Update current period data based on previous period data

Question

Update current period data based on previous period data

Viewing 8 posts - 16 through 23 (of 23 total)

You must be logged in to reply to this topic. Login to reply

yingchai SSCommitted Points: 1669 More actions · Answer 1

Paul White NZ (4/6/2010)
yingchai (4/6/2010)
I'm not so concern about the I/O performance as I predict the Cost fact table will grow to approximately 1 mil records in 10 years. Currently, the database server is running on 16 GB RAM. Should be no problem right?
Given correct indexing, it will be fine.

Hi Paul,

Can you elaborate more on that? Or can you link me to some articles on this matter.

Currently, all my Fact tables do not have Primary keys and not too sure whether it is needed for indexing...

Paul White SSC Guru Points: 150468 More actions · Answer 2

yingchai (4/6/2010)
Currently, all my Fact tables do not have Primary Keys...

Your fact table should always have a Primary Key - whether it is a surrogate key, or based on your dimension foreign keys.
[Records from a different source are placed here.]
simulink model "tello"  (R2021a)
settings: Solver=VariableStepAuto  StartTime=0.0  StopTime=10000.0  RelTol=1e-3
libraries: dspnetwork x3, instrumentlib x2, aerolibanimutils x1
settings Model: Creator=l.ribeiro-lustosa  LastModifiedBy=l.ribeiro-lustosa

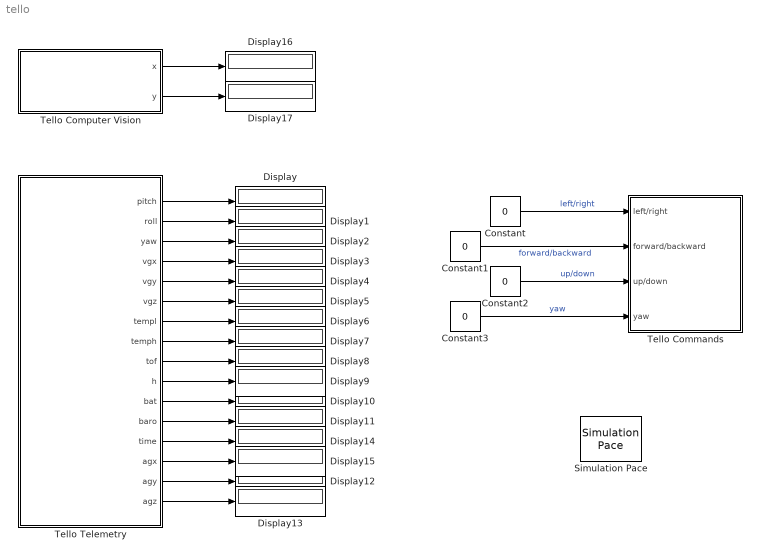
== system tello ==
  Constant : Constant  Value=0  OutDataTypeStr=int32  SampleTime=0.01
  Constant1 : Constant  Value=0  OutDataTypeStr=int32
  Constant2 : Constant  Value=0  OutDataTypeStr=int32
  Constant3 : Constant  Value=0  OutDataTypeStr=int32
  Display{,1..17} (18 alike) : Display
  Simulation Pace : aerolibanimutils/Simulation Pace  SimulationPace=1  SleepMode=Auto  OutputPaceError=off  SampleTime=1/30
  Tello Commands : Subsystem
  Tello Computer Vision : Subsystem
  Tello Telemetry : Subsystem
  wires:
  Constant/1 -> Tello Commands/1(left/right)  "left/right"
  Constant1/1 -> Tello Commands/2(forward/backward)  "forward/backward"
  Constant2/1 -> Tello Commands/3(up/down)  "up/down"
  Constant3/1 -> Tello Commands/4(yaw)  "yaw"
  Tello Telemetry/1(pitch) -> Display/1
  Tello Telemetry/2(roll) -> Display1/1
  Tello Telemetry/3(yaw) -> Display2/1
  Tello Telemetry/4(vgx) -> Display3/1
  Tello Telemetry/5(vgy) -> Display4/1
  Tello Telemetry/6(vgz) -> Display5/1
  Tello Telemetry/7(templ) -> Display6/1
  Tello Telemetry/8(temph) -> Display7/1
  Tello Telemetry/9(tof) -> Display8/1
  Tello Telemetry/10(h) -> Display9/1
  Tello Telemetry/11(bat) -> Display10/1
  Tello Telemetry/12(baro) -> Display11/1
  Tello Telemetry/13(time) -> Display14/1
  Tello Telemetry/14(agx) -> Display15/1
  Tello Telemetry/15(agy) -> Display12/1
  Tello Telemetry/16(agz) -> Display13/1
  Tello Computer Vision/1(x) -> Display16/1
  Tello Computer Vision/2(y) -> Display17/1

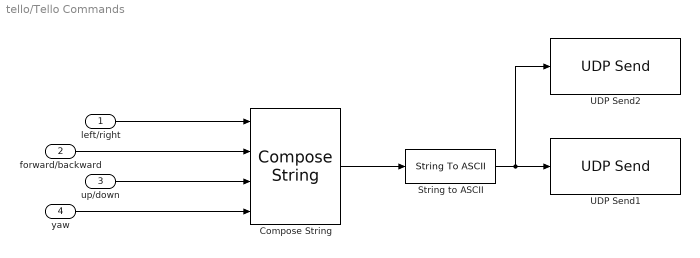
== system tello/Tello Commands ==
  left/right : Inport
  forward/backward : Inport  Port=2
  up/down : Inport  Port=3
  yaw : Inport  Port=4
  Compose String : ComposeString  Format="\"rc %d %d %d %d\""
  String to ASCII : StringToASCII
  UDP Send1 : instrumentlib/UDP Send  Host=127.0.0.1  Port=8889  LocalPort=-1  EnablePortSharing=off  ByteOrder=BigEndian  OutputDatagramPacketSize=512  EnableBlockingMode=on  LocalAddress=0.0.0.0
  UDP Send2 : instrumentlib/UDP Send  Host=192.168.10.1  Port=8889  LocalPort=-1  EnablePortSharing=off  ByteOrder=BigEndian  OutputDatagramPacketSize=512  EnableBlockingMode=on  LocalAddress=0.0.0.0
  wires:
  Compose String/1 -> String to ASCII/1
  left/right/1 -> Compose String/1
  yaw/1 -> Compose String/4
  up/down/1 -> Compose String/3
  forward/backward/1 -> Compose String/2
  String to ASCII/1 -> UDP Send2/1, UDP Send1/1

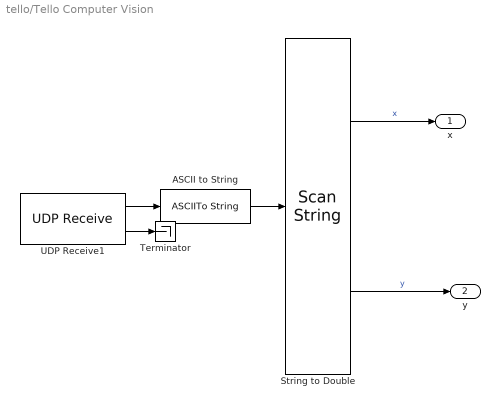
== system tello/Tello Computer Vision ==
  ASCII to String : ASCIIToString
  String to Double : ScanString  Format="\"x:%d;y:%d;\""
  Terminator : Terminator
  UDP Receive1 : dspnetwork/UDP Receive  localURL='0.0.0.0'  localPort=11112  remoteURL='127.0.0.1'  remotePort=-1  recvBufferSize=8192  dims=255  signalDatatype=uint8  isComplex=off  isVarSize=off  showBlockingTime=off  blockingTime=0  sampletime=0.01  blockPlatform=[]
  x : Outport
  y : Outport  Port=2
  wires:
  ASCII to String/1 -> String to Double/1
  UDP Receive1/1 -> ASCII to String/1
  String to Double/2 -> y/1  "y"
  UDP Receive1/2 -> Terminator/1
  String to Double/1 -> x/1  "x"

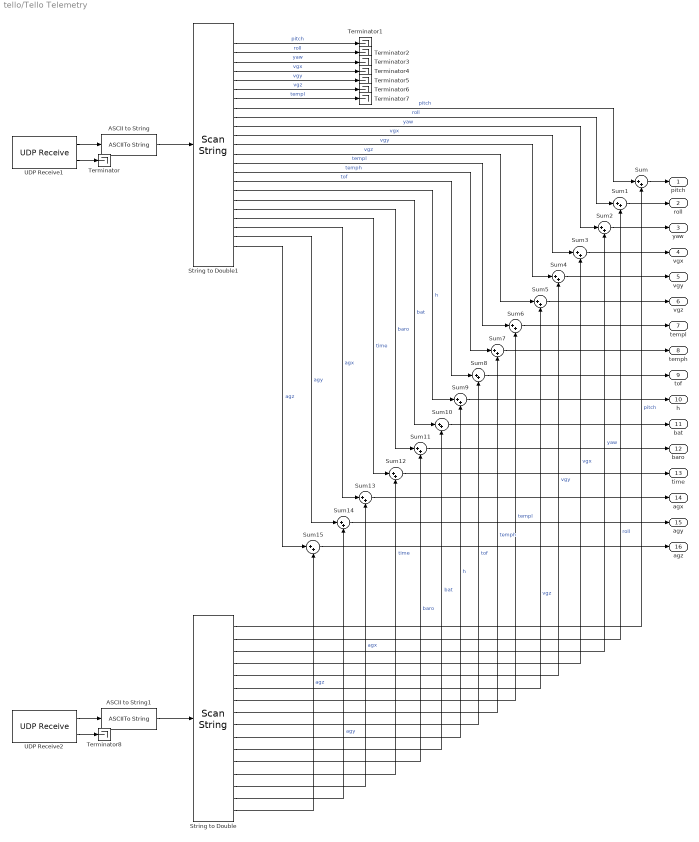
== system tello/Tello Telemetry ==
  ASCII to String : ASCIIToString
  ASCII to String1 : ASCIIToString
  String to Double : ScanString  Format="\"pitch:%d;roll:%d;yaw:%d;vgx:%d;vgy:%d;vgz:%d;templ:%d;temph:%d;tof:%d;h:%d;bat:%d;baro:%d;time:%d;agx:%f;agy:%f;agz:%f;\""
  String to Double1 : ScanString  Format="\"mid:%d;x:%d;y:%d;z:%d;mpry:%d,%d,%d;pitch:%d;roll:%d;yaw:%d;vgx:%d;vgy:%d;vgz:%d;templ:%d;temph:%d;tof:%d;h:%d;bat:%d;baro:%d;time:%d;agx:%f;agy:%f;agz:%f;\""
  Sum{,1..15} (16 alike) : Sum  Inputs=|++
  Terminator{,1..8} (9 alike) : Terminator
  UDP Receive1 : dspnetwork/UDP Receive  localURL='0.0.0.0'  localPort=8890  remoteURL='192.168.10.1'  remotePort=-1  recvBufferSize=8192  dims=255  signalDatatype=uint8  isComplex=off  isVarSize=off  showBlockingTime=off  blockingTime=0  sampletime=0.01  blockPlatform=[]
  UDP Receive2 : dspnetwork/UDP Receive  localURL='0.0.0.0'  localPort=8890  remoteURL='127.0.0.1'  remotePort=-1  recvBufferSize=8192  dims=255  signalDatatype=uint8  isComplex=off  isVarSize=off  showBlockingTime=off  blockingTime=0  sampletime=0.01  blockPlatform=[]
  pitch : Outport
  roll : Outport  Port=2
  yaw : Outport  Port=3
  vgx : Outport  Port=4
  vgy : Outport  Port=5
  vgz : Outport  Port=6
  templ : Outport  Port=7
  temph : Outport  Port=8
  tof : Outport  Port=9
  h : Outport  Port=10
  bat : Outport  Port=11
  baro : Outport  Port=12
  time : Outport  Port=13
  agx : Outport  Port=14
  agy : Outport  Port=15
  agz : Outport  Port=16
  wires:
  String to Double1/20 -> Sum12/1  "time"
  ASCII to String/1 -> String to Double1/1
  String to Double1/17 -> Sum9/1  "h"
  String to Double1/14 -> Sum6/1  "templ"
  UDP Receive1/1 -> ASCII to String/1
  String to Double1/11 -> Sum3/1  "vgx"
  String to Double1/12 -> Sum4/1  "vgy"
  String to Double1/22 -> Sum14/1  "agy"
  String to Double1/18 -> Sum10/1  "bat"
  String to Double1/15 -> Sum7/1  "temph"
  String to Double1/16 -> Sum8/1  "tof"
  String to Double1/13 -> Sum5/1  "vgz"
  String to Double1/9 -> Sum1/1  "roll"
  String to Double1/21 -> Sum13/1  "agx"
  String to Double1/19 -> Sum11/1  "baro"
  String to Double1/23 -> Sum15/1  "agz"
  UDP Receive1/2 -> Terminator/1
  String to Double1/10 -> Sum2/1  "yaw"
  String to Double1/8 -> Sum/1  "pitch"
  String to Double1/1 -> Terminator1/1  "pitch"
  String to Double1/2 -> Terminator2/1  "roll"
  String to Double1/3 -> Terminator3/1  "yaw"
  String to Double1/4 -> Terminator4/1  "vgx"
  String to Double1/5 -> Terminator5/1  "vgy"
  String to Double1/6 -> Terminator6/1  "vgz"
  String to Double1/7 -> Terminator7/1  "templ"
  UDP Receive2/1 -> ASCII to String1/1
  UDP Receive2/2 -> Terminator8/1
  ASCII to String1/1 -> String to Double/1
  Sum/1 -> pitch/1
  String to Double/1 -> Sum/2  "pitch"
  Sum1/1 -> roll/1
  String to Double/2 -> Sum1/2  "roll"
  Sum2/1 -> yaw/1
  String to Double/3 -> Sum2/2  "yaw"
  Sum3/1 -> vgx/1
  String to Double/4 -> Sum3/2  "vgx"
  String to Double/5 -> Sum4/2  "vgy"
  Sum4/1 -> vgy/1
  String to Double/6 -> Sum5/2  "vgz"
  Sum5/1 -> vgz/1
  String to Double/7 -> Sum6/2  "templ"
  Sum6/1 -> templ/1
  Sum7/1 -> temph/1
  String to Double/8 -> Sum7/2  "temph"
  Sum8/1 -> tof/1
  String to Double/9 -> Sum8/2  "tof"
  String to Double/10 -> Sum9/2  "h"
  Sum9/1 -> h/1
  String to Double/11 -> Sum10/2  "bat"
  Sum10/1 -> bat/1
  Sum11/1 -> baro/1
  String to Double/12 -> Sum11/2  "baro"
  Sum12/1 -> time/1
  String to Double/13 -> Sum12/2  "time"
  Sum13/1 -> agx/1
  String to Double/14 -> Sum13/2  "agx"
  Sum14/1 -> agy/1
  String to Double/15 -> Sum14/2  "agy"
  Sum15/1 -> agz/1
  String to Double/16 -> Sum15/2  "agz"

Anyway, that's a different discussion.

As far as indexing on your UPDATE query is concerned:

USE tempdb;

GO

IF OBJECT_ID(N'dbo.Sample1')

IS NOT NULL

DROP TABLE dbo.Sample1;

GO

CREATE TABLE dbo.Sample1

(

product_id CHAR(7) NOT NULL,

entity_id CHAR(3) NOT NULL,

period INTEGER NOT NULL,

cost SMALLMONEY NULL

);

GO

INSERT Sample1

(product_id, entity_id, period, cost)

SELECT 'CMP1000', 'PM1', 20090101, 100 UNION ALL

SELECT 'CMP1000', 'PM1', 20090201, 80 UNION ALL

SELECT 'CMP1000', 'PM1', 20090301, NULL UNION ALL

SELECT 'CMP1000', 'PM1', 20090401, 110 UNION ALL

SELECT 'CMP1000', 'PM1', 20090501, NULL UNION ALL

SELECT 'CMP1000', 'PM1', 20090601, NULL UNION ALL

SELECT 'CMP1000', 'PM1', 20090701, NULL;

-- Index required for good performance

CREATE UNIQUE NONCLUSTERED INDEX nc1

ON dbo.Sample1

(product_id, entity_id, period DESC)

INCLUDE (cost);

GO

UPDATE S

SET cost = CA.cost

FROM Sample1 S

CROSS

APPLY (

SELECT TOP (1)

S2.cost

FROM Sample1 S2

WHERE S2.product_id = S.product_id

AND S2.entity_id = S.entity_id

AND S2.cost IS NOT NULL

AND S2.period <= S.period

ORDER BY

S2.period DESC

) CA

WHERE S.cost IS NULL;

GO

Paul White
All articles available on SQL.kiwi
@SQL_Kiwi

Jeff Moden SSC Guru Points: 1004704 More actions · Answer 3

yingchai (4/6/2010)
I'm not so concern about the I/O performance as I predict the Cost fact table will grow to approximately 1 mil records in 10 years. Currently, the database server is running on 16 GB RAM. Should be no problem right?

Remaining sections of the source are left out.